Although pictures appear in the data, the answer should contain only the lines from its start through the line with "In1 : Inport", written out exactly.

[Dataset records]
________________________
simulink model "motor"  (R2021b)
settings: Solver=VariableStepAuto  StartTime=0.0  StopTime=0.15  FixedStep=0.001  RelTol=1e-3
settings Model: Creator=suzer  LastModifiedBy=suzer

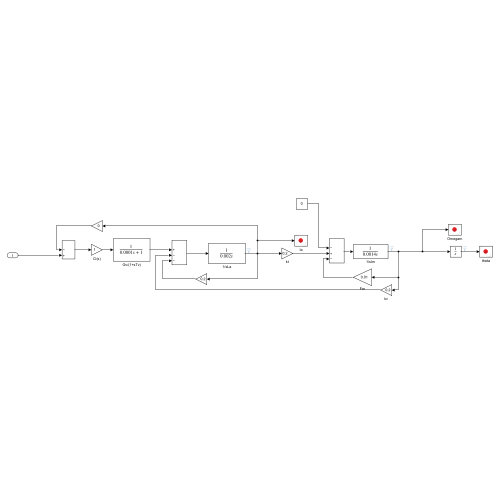
[thumbnail: Simulink's stored preview of the top-level diagram]
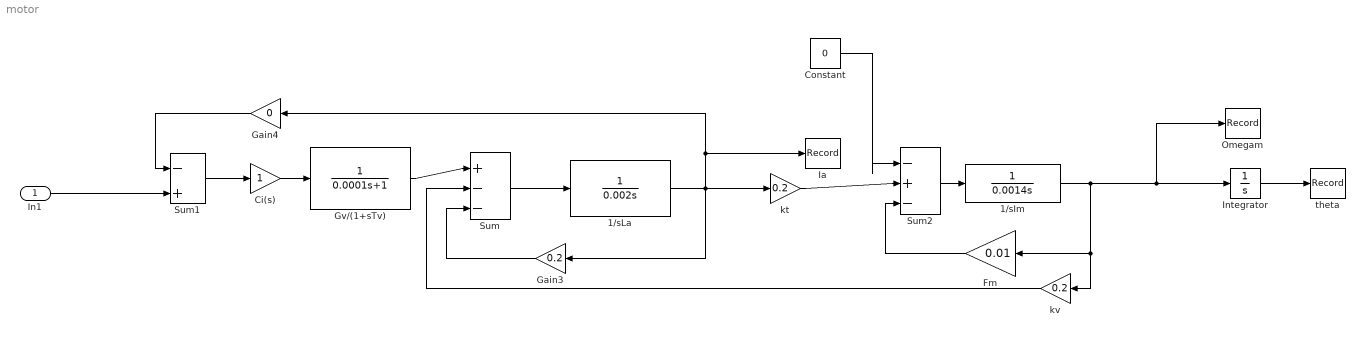
== system motor ==
  In1 : Inport
  1/sIm : TransferFcn  Denominator=[0.0014 0]
  1/sLa : TransferFcn  Denominator=[0.002 0]
  Ci(s) : Gain
  Constant : Constant  Value=0
  Fm : Gain  Gain=0.01
  Gain3 : Gain  Gain=0.2
  Gain4 : Gain  Gain=0
  Gv/(1+sTv) : TransferFcn  Denominator=[0.0001 1]
  Ia : Record  FileSettingsInternal="{\"entries\":[{\"content\":{\"excelSettings\":{\"content\":{},\"type\":\"Streamout.ExcelSettings\"}},\"type\":\"Streamout.FileSettingStorage\",\"uuid\":\"523acee1-ef40-4f74-a76e-5276b4e9ac07\"}],\"packageUris\":[\"http://schema.mathworks.com/mf0/streamout_blocks/R2020a\"],\"version\":\"1.0\"}"  Layout=[1 1]  SignalsInternal="{\"entries\":[{\"content\":{\"signals\":[{\"content\":{\"blockPath\":[\"motor/Ia\"],\"channel\":[],\"dimensions\":[1],\"domain\":\"motor/Ia\",\"lineColor\":\"#ff13a6\",\"plots\":[1],\"port\":1,\"sid\":[],\"signalID\":27,\"signalName\":\"1/sLa\"},\"type\":\"RecordBlkView.Signal\",\"uuid\":\"67ea8a6e-bf76-442c-9edb-bc740b76482a\"}]},\"type\":\"RecordBlkView.InputSignals\",\"uuid\":\"88271dac-3f77-4e5d-82e4-8288721009dd\"}],\"packageUris\":[\"http://schema.mathworks.com/mf0/streamout_blocks/R2020a\"],\"version\":\"1.0\"}"
  Integrator : Integrator
  Omegam : Record  FileSettingsInternal="{\"entries\":[{\"content\":{\"excelSettings\":{\"content\":{},\"type\":\"Streamout.ExcelSettings\"}},\"type\":\"Streamout.FileSettingStorage\",\"uuid\":\"32a12994-518c-421f-bed2-195b6e8a8302\"}],\"packageUris\":[\"http://schema.mathworks.com/mf0/streamout_blocks/R2020a\"],\"version\":\"1.0\"}"  Layout=[1 1]  SignalsInternal="{\"entries\":[{\"content\":{\"signals\":[{\"content\":{\"blockPath\":[\"motor/Omegam\"],\"channel\":[],\"dimensions\":[1],\"domain\":\"motor/Omegam\",\"lineColor\":\"#fe330a\",\"plots\":[1],\"port\":1,\"sid\":[],\"signalID\":22,\"signalName\":\"1/sIm\"},\"type\":\"RecordBlkView.Signal\",\"uuid\":\"2d353e53-b526-475c-b44a-61e7b3973ee7\"}]},\"type\":\"RecordBlkView.InputSignals\",\"uuid\":\"26073e19-b5d8-4666-8d70-9b2ffe5e3834\"}],\"packageUris\":[\"http://schema.mathworks.com/mf0/streamout_blocks/R2020a\"],\"version\":\"1.0\"}"
  Sum : Sum  Inputs=|+--
  Sum1 : Sum  Inputs=|-+
  Sum2 : Sum  Inputs=|-+-
  kt : Gain  Gain=0.2
  kv : Gain  Gain=0.2
  theta : Record  FileSettingsInternal="{\"entries\":[{\"content\":{\"excelSettings\":{\"content\":{},\"type\":\"Streamout.ExcelSettings\"}},\"type\":\"Streamout.FileSettingStorage\",\"uuid\":\"43595d06-c307-4114-940e-04d73374a12b\"}],\"packageUris\":[\"http://schema.mathworks.com/mf0/streamout_blocks/R2020a\"],\"version\":\"1.0\"}"  Layout=[1 1]  SignalsInternal="{\"entries\":[{\"content\":{\"signals\":[{\"content\":{\"blockPath\":[\"motor/theta\"],\"channel\":[],\"dimensions\":[1],\"domain\":\"motor/theta\",\"lineColor\":\"#edb120\",\"plots\":[1],\"port\":1,\"sid\":[],\"signalID\":17,\"signalName\":\"Integrator\"},\"type\":\"RecordBlkView.Signal\",\"uuid\":\"f6256925-441e-4336-aba3-73d79dafa0f0\"}]},\"type\":\"RecordBlkView.InputSignals\",\"uuid\":\"403e547e-ebc3-4cdc-b338-577637b8faae\"}],\"packageUris\":[\"http://schema.mathworks.com/mf0/streamout_blocks/R2020a\"],\"version\":\"1.0\"}"
  wires:
  Constant/1 -> Sum2/1
  Gv/(1+sTv)/1 -> Sum/1
  Sum1/1 -> Ci(s)/1
  Ci(s)/1 -> Gv/(1+sTv)/1
  Sum2/1 -> 1/sIm/1
  kt/1 -> Sum2/2
  Gain4/1 -> Sum1/1
  Sum/1 -> 1/sLa/1
  Fm/1 -> Sum2/3
  kv/1 -> Sum/2
  Integrator/1 -> theta/1
  1/sLa/1 -> Gain4/1, Ia/1, Gain3/1, kt/1
  Gain3/1 -> Sum/3
  1/sIm/1 -> kv/1, Fm/1, Integrator/1, Omegam/1
  In1/1 -> Sum1/2
________________________
■ TASK ANSWER ■
simulink model "motor"  (R2021b)
settings: Solver=VariableStepAuto  StartTime=0.0  StopTime=0.15  FixedStep=0.001  RelTol=1e-3
settings Model: Creator=suzer  LastModifiedBy=suzer

[thumbnail: Simulink's stored preview of the top-level diagram]
== system motor ==
  In1 : Inport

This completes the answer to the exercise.